▸ TASK DIRECTIONS
Of the entries below, return only those lines from the line with "Replace the hand-rolled" to the line with "self-contained): card edge", exactly, both included.

▸ DATA PROVIDED
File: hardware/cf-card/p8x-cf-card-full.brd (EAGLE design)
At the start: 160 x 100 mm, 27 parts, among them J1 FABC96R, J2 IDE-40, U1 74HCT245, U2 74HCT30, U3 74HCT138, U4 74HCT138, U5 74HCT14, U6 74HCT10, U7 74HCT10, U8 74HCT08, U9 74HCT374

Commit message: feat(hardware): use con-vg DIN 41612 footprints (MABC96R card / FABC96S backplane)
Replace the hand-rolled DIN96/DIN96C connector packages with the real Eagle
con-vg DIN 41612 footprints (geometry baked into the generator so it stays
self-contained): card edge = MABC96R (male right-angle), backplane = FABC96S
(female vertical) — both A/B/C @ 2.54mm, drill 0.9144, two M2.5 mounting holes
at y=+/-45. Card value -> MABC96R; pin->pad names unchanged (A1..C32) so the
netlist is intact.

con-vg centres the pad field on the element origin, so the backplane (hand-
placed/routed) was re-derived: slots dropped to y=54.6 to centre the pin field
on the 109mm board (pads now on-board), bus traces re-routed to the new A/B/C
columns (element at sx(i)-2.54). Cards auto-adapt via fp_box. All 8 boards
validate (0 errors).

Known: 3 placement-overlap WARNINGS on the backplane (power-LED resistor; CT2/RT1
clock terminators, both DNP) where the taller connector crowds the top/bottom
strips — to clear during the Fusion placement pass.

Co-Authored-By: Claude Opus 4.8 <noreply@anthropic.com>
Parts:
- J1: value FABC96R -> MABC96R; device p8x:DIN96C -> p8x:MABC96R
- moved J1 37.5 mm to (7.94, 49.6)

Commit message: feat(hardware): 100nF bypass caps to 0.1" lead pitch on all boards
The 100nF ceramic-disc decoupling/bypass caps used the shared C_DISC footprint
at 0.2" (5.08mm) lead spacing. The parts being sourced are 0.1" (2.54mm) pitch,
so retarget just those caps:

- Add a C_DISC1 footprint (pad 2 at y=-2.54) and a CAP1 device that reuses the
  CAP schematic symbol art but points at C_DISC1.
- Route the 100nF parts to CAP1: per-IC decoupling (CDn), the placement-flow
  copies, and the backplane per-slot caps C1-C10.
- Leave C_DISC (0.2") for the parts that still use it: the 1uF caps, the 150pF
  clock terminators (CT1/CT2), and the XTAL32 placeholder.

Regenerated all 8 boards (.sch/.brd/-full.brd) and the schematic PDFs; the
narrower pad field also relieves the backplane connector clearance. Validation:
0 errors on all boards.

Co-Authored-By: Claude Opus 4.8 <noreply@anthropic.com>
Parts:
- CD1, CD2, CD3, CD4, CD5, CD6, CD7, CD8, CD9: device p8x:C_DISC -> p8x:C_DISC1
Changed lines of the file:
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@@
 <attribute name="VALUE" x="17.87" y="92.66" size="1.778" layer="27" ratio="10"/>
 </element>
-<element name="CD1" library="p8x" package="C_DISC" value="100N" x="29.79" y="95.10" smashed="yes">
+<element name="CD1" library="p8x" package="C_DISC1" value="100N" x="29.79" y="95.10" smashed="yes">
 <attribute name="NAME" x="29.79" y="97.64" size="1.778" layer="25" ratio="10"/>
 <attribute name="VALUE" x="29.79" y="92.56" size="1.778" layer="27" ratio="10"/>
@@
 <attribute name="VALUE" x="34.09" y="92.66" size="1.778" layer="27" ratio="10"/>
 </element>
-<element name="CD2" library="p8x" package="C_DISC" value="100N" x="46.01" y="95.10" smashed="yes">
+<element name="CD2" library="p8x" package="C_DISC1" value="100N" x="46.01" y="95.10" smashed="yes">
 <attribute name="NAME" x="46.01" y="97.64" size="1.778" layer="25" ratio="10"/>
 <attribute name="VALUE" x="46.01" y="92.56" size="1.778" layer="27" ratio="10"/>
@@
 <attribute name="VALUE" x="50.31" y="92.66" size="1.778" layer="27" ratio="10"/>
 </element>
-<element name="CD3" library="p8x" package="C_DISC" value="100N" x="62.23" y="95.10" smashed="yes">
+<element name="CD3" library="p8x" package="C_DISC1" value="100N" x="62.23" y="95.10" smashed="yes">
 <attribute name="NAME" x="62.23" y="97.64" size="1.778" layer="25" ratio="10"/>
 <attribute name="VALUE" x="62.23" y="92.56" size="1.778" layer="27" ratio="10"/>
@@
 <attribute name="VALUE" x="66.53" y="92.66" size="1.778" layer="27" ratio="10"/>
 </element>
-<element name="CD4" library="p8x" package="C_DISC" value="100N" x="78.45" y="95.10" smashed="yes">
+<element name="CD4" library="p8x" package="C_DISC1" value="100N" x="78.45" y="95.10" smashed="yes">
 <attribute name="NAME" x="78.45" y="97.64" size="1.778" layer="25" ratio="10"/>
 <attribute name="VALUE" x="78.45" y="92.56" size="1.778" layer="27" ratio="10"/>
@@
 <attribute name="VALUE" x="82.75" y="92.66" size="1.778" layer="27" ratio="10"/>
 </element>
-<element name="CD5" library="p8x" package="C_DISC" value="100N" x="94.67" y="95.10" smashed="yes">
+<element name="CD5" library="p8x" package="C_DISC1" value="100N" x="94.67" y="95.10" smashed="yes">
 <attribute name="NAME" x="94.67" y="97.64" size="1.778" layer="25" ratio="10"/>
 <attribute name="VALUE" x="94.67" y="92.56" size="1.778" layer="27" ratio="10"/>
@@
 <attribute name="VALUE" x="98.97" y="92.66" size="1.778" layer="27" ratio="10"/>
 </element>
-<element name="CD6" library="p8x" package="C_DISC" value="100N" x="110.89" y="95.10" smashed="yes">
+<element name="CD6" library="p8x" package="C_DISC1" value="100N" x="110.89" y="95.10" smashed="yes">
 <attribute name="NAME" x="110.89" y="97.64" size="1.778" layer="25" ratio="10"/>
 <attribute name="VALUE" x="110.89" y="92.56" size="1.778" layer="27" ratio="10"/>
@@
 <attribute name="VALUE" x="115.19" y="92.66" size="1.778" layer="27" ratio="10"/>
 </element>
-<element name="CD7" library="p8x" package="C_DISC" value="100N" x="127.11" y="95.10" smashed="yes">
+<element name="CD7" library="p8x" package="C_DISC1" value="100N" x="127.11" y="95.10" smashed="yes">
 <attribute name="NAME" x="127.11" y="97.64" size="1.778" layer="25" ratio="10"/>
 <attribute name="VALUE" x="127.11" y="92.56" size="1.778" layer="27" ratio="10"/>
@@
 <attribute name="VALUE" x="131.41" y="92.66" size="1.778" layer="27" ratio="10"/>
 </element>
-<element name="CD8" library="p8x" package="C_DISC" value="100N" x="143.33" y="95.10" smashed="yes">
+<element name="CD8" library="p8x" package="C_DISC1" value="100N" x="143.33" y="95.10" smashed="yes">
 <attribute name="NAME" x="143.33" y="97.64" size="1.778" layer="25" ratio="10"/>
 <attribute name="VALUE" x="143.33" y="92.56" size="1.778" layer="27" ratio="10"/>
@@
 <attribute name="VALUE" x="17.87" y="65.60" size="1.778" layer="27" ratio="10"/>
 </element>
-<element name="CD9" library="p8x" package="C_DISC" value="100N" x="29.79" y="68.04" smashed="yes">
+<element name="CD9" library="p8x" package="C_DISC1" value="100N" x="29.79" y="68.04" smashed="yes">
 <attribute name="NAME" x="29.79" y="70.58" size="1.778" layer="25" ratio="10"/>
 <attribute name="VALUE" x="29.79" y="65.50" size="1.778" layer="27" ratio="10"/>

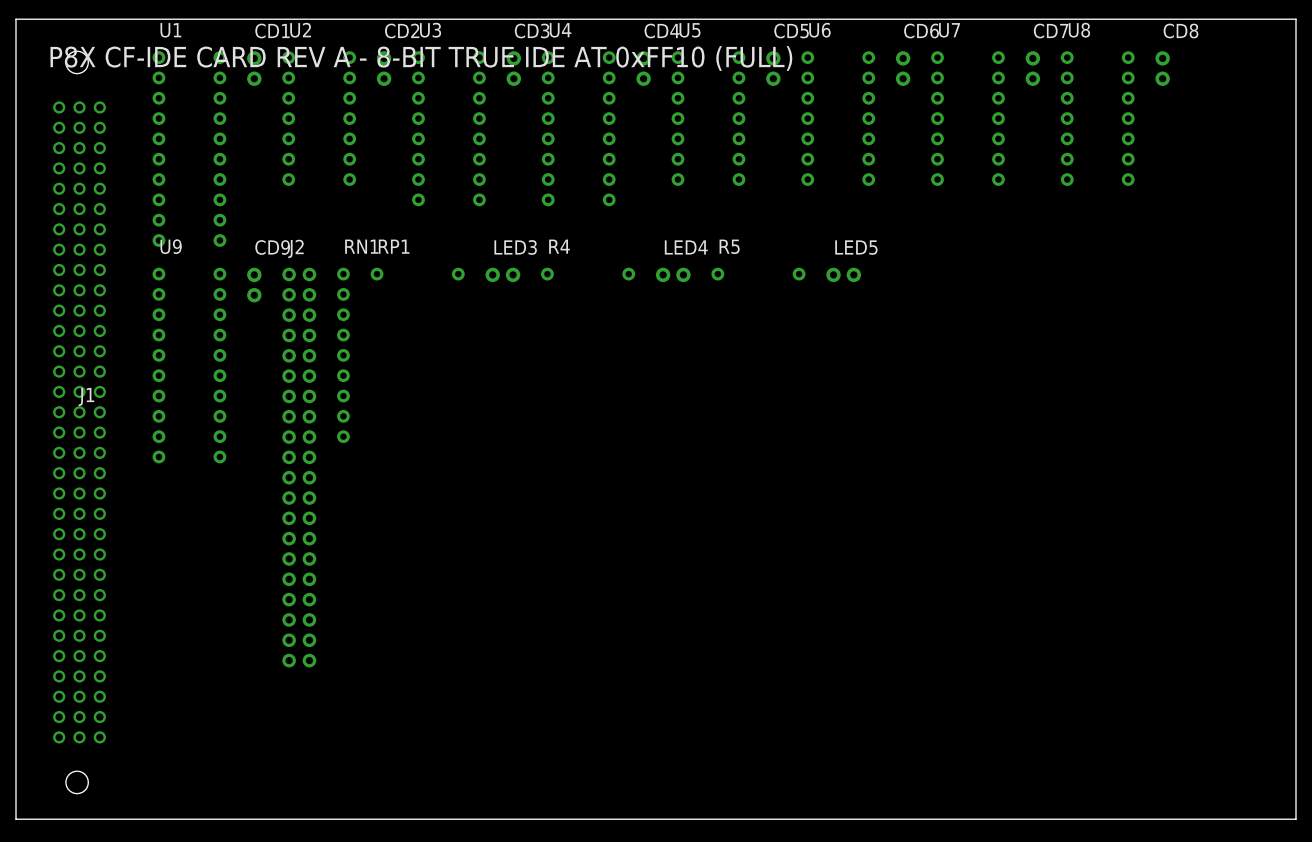
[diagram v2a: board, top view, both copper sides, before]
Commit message: hardware: silkscreen off footprints, standard cap value format, backplane RL1->R1
Pre-Fusion cleanup so there is less to fix by hand once placing/routing.

1. SILKSCREEN NO LONGER OVERLAYS FOOTPRINTS (all boards). NAME/VALUE were emitted
   at the element origin +/-2.54 regardless of part size, so on anything bigger
   than a 2-pin part the text landed ON the pads -- the 96-pin DIN connector had
   J1/SLOT1 across its pad field, and caps had their values on top of them. Now
   placed against the real footprint bbox (fp_box): NAME 0.7mm above the top edge,
   VALUE 0.7mm below the bottom, left-aligned to the box. Verified: 1642
   silkscreen labels across all 9 boards, 0 sitting on a footprint (was many).
   Not rotation-aware, which is fine -- no board rotates a part today.

2. CAPACITOR VALUES use standard unit suffixes: 100N->100nF, 470U->470uF,
   150P->150pF, 1U->1uF (and the DNP/x10 variants). Applied everywhere, so the
   per-IC decoupling caps on every card change too. No doc quoted the raw value
   strings, so no doc churn.

3. BACKPLANE RL1 -> R1 (standard R designator). Scoped to the backplane section
   only -- the io-card and led-card have their own unrelated RL1 (8x330R networks)
   which are untouched. Backplane theory/design docs updated to match.

Part refs/values are decided in gen_eagle.py: the backplane `small=[...]` list and
each cards `ic`/`sm` dicts.

Co-Authored-By: Claude Opus 4.8 <noreply@anthropic.com>
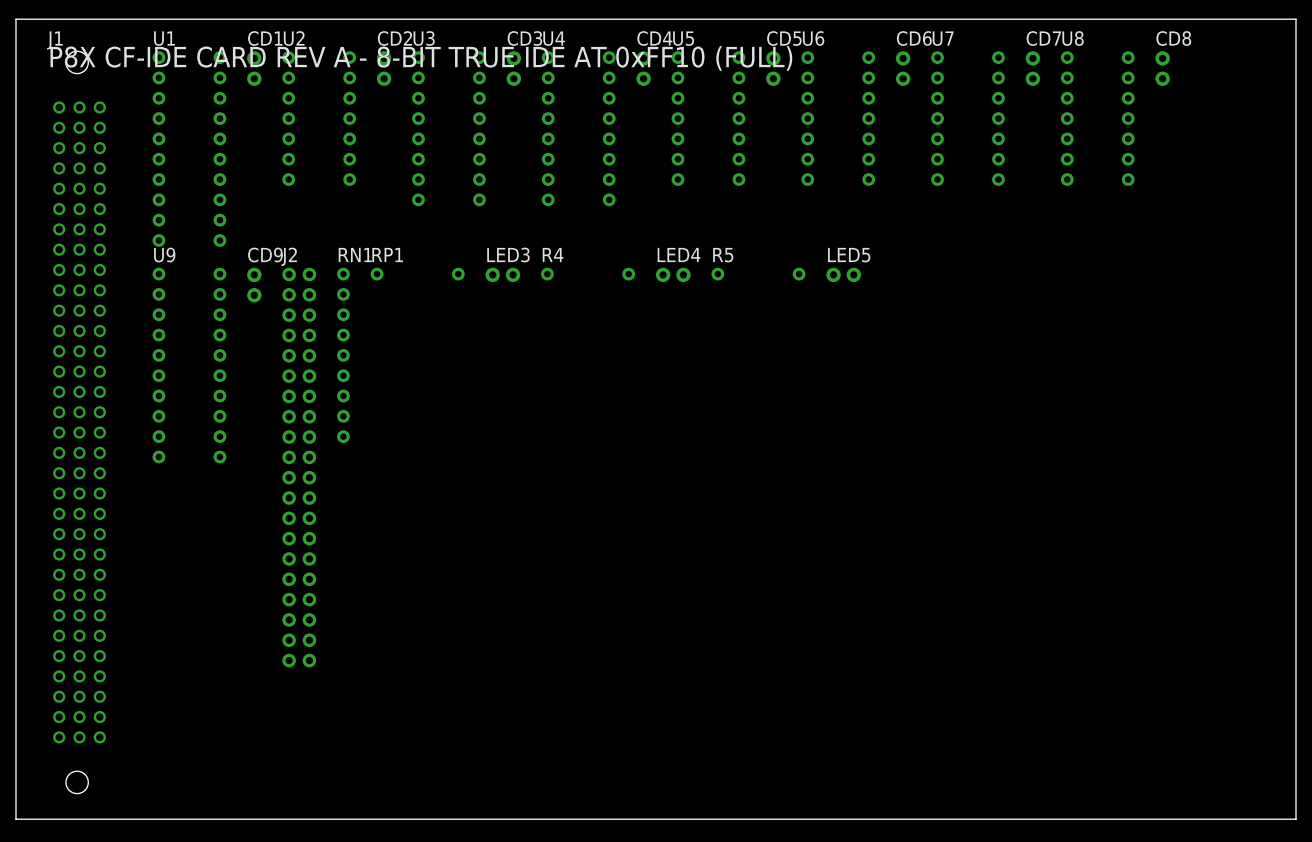
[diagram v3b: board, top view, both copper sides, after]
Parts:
- CD1, CD2, CD3, CD4, CD5, CD6, CD7, CD8, CD9: value 100N -> 100nF

▸ EXPECTED ANSWER
Replace the hand-rolled DIN96/DIN96C connector packages with the real Eagle
con-vg DIN 41612 footprints (geometry baked into the generator so it stays
self-contained): card edge = MABC96R (male right-angle), backplane = FABC96S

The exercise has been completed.